Although many compare Piccadilly Circus with New York City’s Times Square, there’s not a whole lot to see at Piccadilly Circus except for some neon billboards. Grab a photo of Eros atop the Shaftesbury Memorial Fountain, then continue west on Piccadilly for some window shopping.

Known for its posh shopping opportunities, some favorite shops to visit as you make your way down Piccadilly include Hatchards Booksellers, Fortnum and Mason, and Burlington Arcade. Watch for Royal Warrants (the royal coat of arms) over shop entrances. A warrant means that shop provides goods for the royal family. Right before turning into Green Park, you’ll pass the Ritz. Afternoon tea at the Ritz was one of my favorite memories from living in London. However, it’s definitely not budget friendly and must be booked well in advance.

Explore Central London Parks

Cut a diagonal across Green Park to reach Buckingham Palace. If possible, try to time your arrival for a little before 11 a.m. for the Changing of the Guard. (Be sure to check the Changing of the Guard schedule since the change isn’t a daily occurance in the winter.) While you can tour the State Rooms and more at Buckingham Palace, at £26 a ticket, it’s not your most budget friendly option. I prefer to gaze on it from afar near the Victoria Memorial and wondering what the royals are up to today.

Head up Constitution Hill to the Wellington Arch. The Arch commemorates the Duke of Wellington’s victory over Napoleon at Waterloo in 1815. The Duke’s home, Apsley House, sits just across the street near the entrance to Hyde Park.

Meander through Hyde Park. When you cross over the Serpentine Bridge, you officially enter Kensington Gardens, although the green space all merges together to feel like one big park.

Once you cross the Serpentine, visit the Princess Diana Memorial Fountain. If you’re in the mood for modern art, the nearby Serpentine Gallery offers lovely, bite-sized exhibits. Although it’s free to enter the gallery, be prepared to skip it if there’s a long line.

Kensington Palace and South Kensington

Kensington London England

Make your way to Kensington Palace. I love it and strongly recommend you pay the £17.50 admission and head inside. However, if you’re not very interested in royalty or fashion, you may prefer to save your money. As with St. Paul’s Cathedral, buy your tickets online ahead of time for the best price.

If you have room in your budget, I definitely recommend treating yourself to a fancy lunch or afternoon tea at Kensington Palace Orangery (currently closed for renovations) or Kensington Palace Pavillion and Tea Room. Book online ahead of time.
Prince Albert Memorial Kensington London
Head southeast through Kensington Gardens past The Albert Memorial and the Royal Albert Hall towards Exhibition Road.

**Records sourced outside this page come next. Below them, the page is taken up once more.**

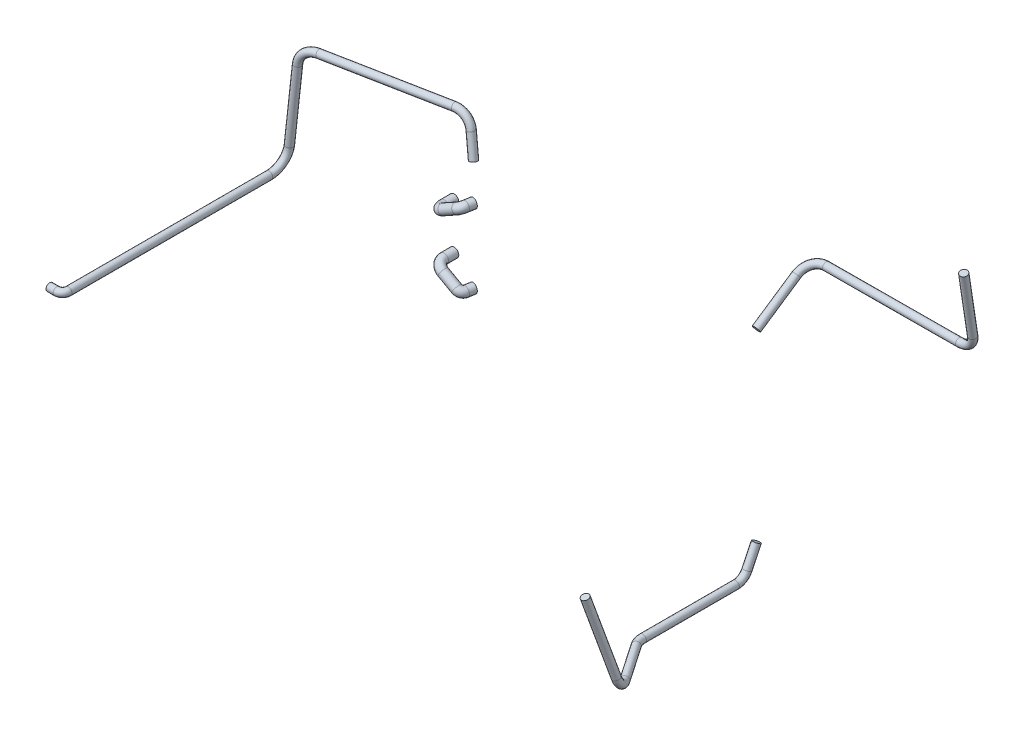
ISO-10303-21;
HEADER;
FILE_DESCRIPTION(('STEP AP214'),'2;1');
FILE_NAME('part.step','',(''),(''),'','','');
FILE_SCHEMA(('AUTOMOTIVE_DESIGN { 1 0 10303 214 1 1 1 1 }'));
ENDSEC;
DATA;
#1=APPLICATION_CONTEXT('core data for automotive mechanical design processes');
#2=APPLICATION_PROTOCOL_DEFINITION('international standard','automotive_design',2000,#1);
#3=PRODUCT_CONTEXT('',#1,'mechanical');
#4=PRODUCT('Part','Part','',(#3));
#5=PRODUCT_RELATED_PRODUCT_CATEGORY('part','',(#4));
#6=PRODUCT_DEFINITION_FORMATION('','',#4);
#7=PRODUCT_DEFINITION_CONTEXT('part definition',#1,'design');
#8=PRODUCT_DEFINITION('design','',#6,#7);
#9=PRODUCT_DEFINITION_SHAPE('','',#8);
#10=(LENGTH_UNIT() NAMED_UNIT(*) SI_UNIT(.MILLI.,.METRE.));
#11=(NAMED_UNIT(*) PLANE_ANGLE_UNIT() SI_UNIT($,.RADIAN.));
#12=(NAMED_UNIT(*) SI_UNIT($,.STERADIAN.) SOLID_ANGLE_UNIT());
#13=UNCERTAINTY_MEASURE_WITH_UNIT(LENGTH_MEASURE(1.E-05),#10,'distance_accuracy_value','');
#14=(GEOMETRIC_REPRESENTATION_CONTEXT(3) GLOBAL_UNCERTAINTY_ASSIGNED_CONTEXT((#13)) GLOBAL_UNIT_ASSIGNED_CONTEXT((#10,
#11,#12)) REPRESENTATION_CONTEXT('',''));
#15=CARTESIAN_POINT('',(0.,0.,0.));
#16=DIRECTION('',(0.,0.,1.));
#17=DIRECTION('',(1.,0.,0.));
#18=AXIS2_PLACEMENT_3D('',#15,#16,#17);
#19=CARTESIAN_POINT('',(846.,225.,330.));
#20=DIRECTION('',(0.0688927399967362,0.975980483287148,0.206678219990223));
#21=DIRECTION('',(-0.916848233170523,-0.0197221567225729,0.398748484468969));
#22=AXIS2_PLACEMENT_3D('',#19,#20,#21);
#23=PLANE('',#22);
#24=CARTESIAN_POINT('',(846.,225.,330.));
#25=DIRECTION('',(0.0688927399967362,0.975980483287148,0.206678219990223));
#26=DIRECTION('',(-0.916848233170523,-0.0197221567225729,0.398748484468969));
#27=AXIS2_PLACEMENT_3D('',#24,#25,#26);
#28=CIRCLE('',#27,4.);
#29=CARTESIAN_POINT('',(842.332607067318,224.92111137311,331.594993937876));
#30=VERTEX_POINT('',#29);
#31=EDGE_CURVE('E128',#30,#30,#28,.T.);
#32=ORIENTED_EDGE('',*,*,#31,.T.);
#33=EDGE_LOOP('',(#32));
#34=FACE_BOUND('',#33,.T.);
#35=ADVANCED_FACE('F107',(#34),#23,.T.);
#36=CARTESIAN_POINT('',(661.,100.,370.));
#37=DIRECTION('',(0.0143591631723555,0.574366526894194,-0.818472300824219));
#38=DIRECTION('',(0.,0.81855669246241,0.574425749096433));
#39=AXIS2_PLACEMENT_3D('',#36,#37,#38);
#40=PLANE('',#39);
#41=CARTESIAN_POINT('',(661.,100.,370.));
#42=DIRECTION('',(0.0143591631723555,0.574366526894194,-0.818472300824219));
#43=DIRECTION('',(0.,0.81855669246241,0.574425749096433));
#44=AXIS2_PLACEMENT_3D('',#41,#42,#43);
#45=CIRCLE('',#44,4.);
#46=CARTESIAN_POINT('',(661.,103.27422676985,372.297702996386));
#47=VERTEX_POINT('',#46);
#48=EDGE_CURVE('E12',#47,#47,#45,.T.);
#49=ORIENTED_EDGE('',*,*,#48,.F.);
#50=EDGE_LOOP('',(#49));
#51=FACE_BOUND('',#50,.T.);
#52=ADVANCED_FACE('F139',(#51),#40,.F.);
#53=CARTESIAN_POINT('',(846.,225.,330.));
#54=DIRECTION('',(-0.0688927399967393,-0.975980483287148,-0.20667821999022));
#55=DIRECTION('',(0.,0.207170441904584,-0.97830486454942));
#56=AXIS2_PLACEMENT_3D('',#53,#54,#55);
#57=CYLINDRICAL_SURFACE('',#56,4.);
#58=CARTESIAN_POINT('',(841.158739606136,156.415477753594,315.476218818408));
#59=DIRECTION('',(0.0688927399967362,0.975980483287148,0.206678219990223));
#60=DIRECTION('',(-0.916848233170523,-0.0197221567225729,0.398748484468969));
#61=AXIS2_PLACEMENT_3D('',#58,#59,#60);
#62=CIRCLE('',#61,4.);
#63=CARTESIAN_POINT('',(845.149175349941,156.150454357678,315.397572940079));
#64=VERTEX_POINT('',#63);
#65=EDGE_CURVE('E130',#64,#64,#62,.T.);
#66=ORIENTED_EDGE('',*,*,#65,.T.);
#67=EDGE_LOOP('',(#66));
#68=FACE_BOUND('',#67,.T.);
#69=ORIENTED_EDGE('',*,*,#31,.F.);
#70=EDGE_LOOP('',(#69));
#71=FACE_BOUND('',#70,.T.);
#72=ADVANCED_FACE('F134',(#68,#71),#57,.T.);
#73=CARTESIAN_POINT('',(823.201778759012,157.608083035219,315.830125270888));
#74=DIRECTION('',(-0.00549556965403732,0.207538571640638,-0.978211398418328));
#75=DIRECTION('',(0.,0.978226170373947,0.207541705677488));
#76=AXIS2_PLACEMENT_3D('',#73,#74,#75);
#77=TOROIDAL_SURFACE('',#76,18.,4.);
#78=CARTESIAN_POINT('',(823.180792043627,140.,312.094489932339));
#79=DIRECTION('',(0.999984219537789,0.,-0.00561788887380599));
#80=DIRECTION('',(0.00321244852110147,0.820375724292605,0.571815836756803));
#81=AXIS2_PLACEMENT_3D('',#78,#79,#80);
#82=CIRCLE('',#81,4.);
#83=CARTESIAN_POINT('',(823.176128329097,136.08709265884,311.264348745995));
#84=VERTEX_POINT('',#83);
#85=EDGE_CURVE('E122',#84,#84,#82,.T.);
#86=CARTESIAN_POINT('',(823.201778759012,157.608083035219,315.830125270888));
#87=DIRECTION('',(-0.00549556965403732,0.207538571640638,-0.978211398418328));
#88=DIRECTION('',(0.,0.978226170373947,0.207541705677488));
#89=AXIS2_PLACEMENT_3D('',#86,#87,#88);
#90=CIRCLE('',#89,22.);
#91=EDGE_CURVE('',#64,#84,#90,.T.);
#92=ORIENTED_EDGE('',*,*,#65,.F.);
#93=ORIENTED_EDGE('',*,*,#85,.T.);
#94=ORIENTED_EDGE('',*,*,#91,.T.);
#95=ORIENTED_EDGE('',*,*,#91,.F.);
#96=EDGE_LOOP('',(#92,#94,#93,#95));
#97=FACE_BOUND('',#96,.T.);
#98=ADVANCED_FACE('F137',(#97),#77,.T.);
#99=CARTESIAN_POINT('',(823.180792043627,140.,312.094489932339));
#100=DIRECTION('',(-0.999984219537789,0.,0.00561788887380822));
#101=DIRECTION('',(0.00561788887380822,0.,0.999984219537789));
#102=AXIS2_PLACEMENT_3D('',#99,#100,#101);
#103=CYLINDRICAL_SURFACE('',#102,4.);
#104=CARTESIAN_POINT('',(679.661668733026,140.,312.90077714195));
#105=DIRECTION('',(0.999984219537789,0.,-0.00561788887380499));
#106=DIRECTION('',(0.00321244852110208,0.820375724292605,0.571815836756803));
#107=AXIS2_PLACEMENT_3D('',#104,#105,#106);
#108=CIRCLE('',#107,4.);
#109=CARTESIAN_POINT('',(679.643275184946,142.297879037605,309.626725583723));
#110=VERTEX_POINT('',#109);
#111=EDGE_CURVE('E117',#110,#110,#108,.T.);
#112=ORIENTED_EDGE('',*,*,#111,.T.);
#113=EDGE_LOOP('',(#112));
#114=FACE_BOUND('',#113,.T.);
#115=ORIENTED_EDGE('',*,*,#85,.F.);
#116=EDGE_LOOP('',(#115));
#117=FACE_BOUND('',#116,.T.);
#118=ADVANCED_FACE('F144',(#114,#117),#103,.T.);
#119=CARTESIAN_POINT('',(679.744439699385,129.65954433078,327.63400915397));
#120=DIRECTION('',(0.00322730726967955,0.818525806272238,0.574460694002793));
#121=DIRECTION('',(0.,-0.57446368567735,0.818530068988303));
#122=AXIS2_PLACEMENT_3D('',#119,#120,#121);
#123=TOROIDAL_SURFACE('',#122,18.,4.);
#124=CARTESIAN_POINT('',(661.746389214672,129.855568586841,327.455814763752));
#125=DIRECTION('',(0.0143591631723555,0.574366526894194,-0.818472300824219));
#126=DIRECTION('',(0.,0.81855669246241,0.574425749096433));
#127=AXIS2_PLACEMENT_3D('',#124,#125,#126);
#128=CIRCLE('',#127,4.);
#129=CARTESIAN_POINT('',(657.74682244029,129.899129532632,327.41621601037));
#130=VERTEX_POINT('',#129);
#131=EDGE_CURVE('E111',#130,#130,#128,.T.);
#132=CARTESIAN_POINT('',(679.744439699385,129.65954433078,327.63400915397));
#133=DIRECTION('',(0.00322730726967955,0.818525806272238,0.574460694002793));
#134=DIRECTION('',(0.,-0.57446368567735,0.818530068988303));
#135=AXIS2_PLACEMENT_3D('',#132,#133,#134);
#136=CIRCLE('',#135,22.);
#137=EDGE_CURVE('',#110,#130,#136,.T.);
#138=ORIENTED_EDGE('',*,*,#111,.F.);
#139=ORIENTED_EDGE('',*,*,#131,.T.);
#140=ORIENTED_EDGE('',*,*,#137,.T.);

Turn onto Cromwell Road and swing into the Museum of Natural History. If you skipped Kensington Palace and still have lots sightseeing in you, spend some time wondering the (free!) exhibits. Otherwise just duck inside to see its beautiful Gothic entrance hall. During winter months, you can ice skate in front of the museum’s gorgeous facade.

Back across Exhibition Road, go inside Victoria and Albert Museum. Another free (yes, free!) London museum that’s sometimes described as visiting “the attic of the empire,” the V&A is my favorite London museum.

Hike up Cromwell Road to Harrods. This fabled six-level London department store might give you flashbacks to the V&A – there’s a little of everything! It’s fun to look around, even if you have no intentions of making purchases. Don’t miss the food hall.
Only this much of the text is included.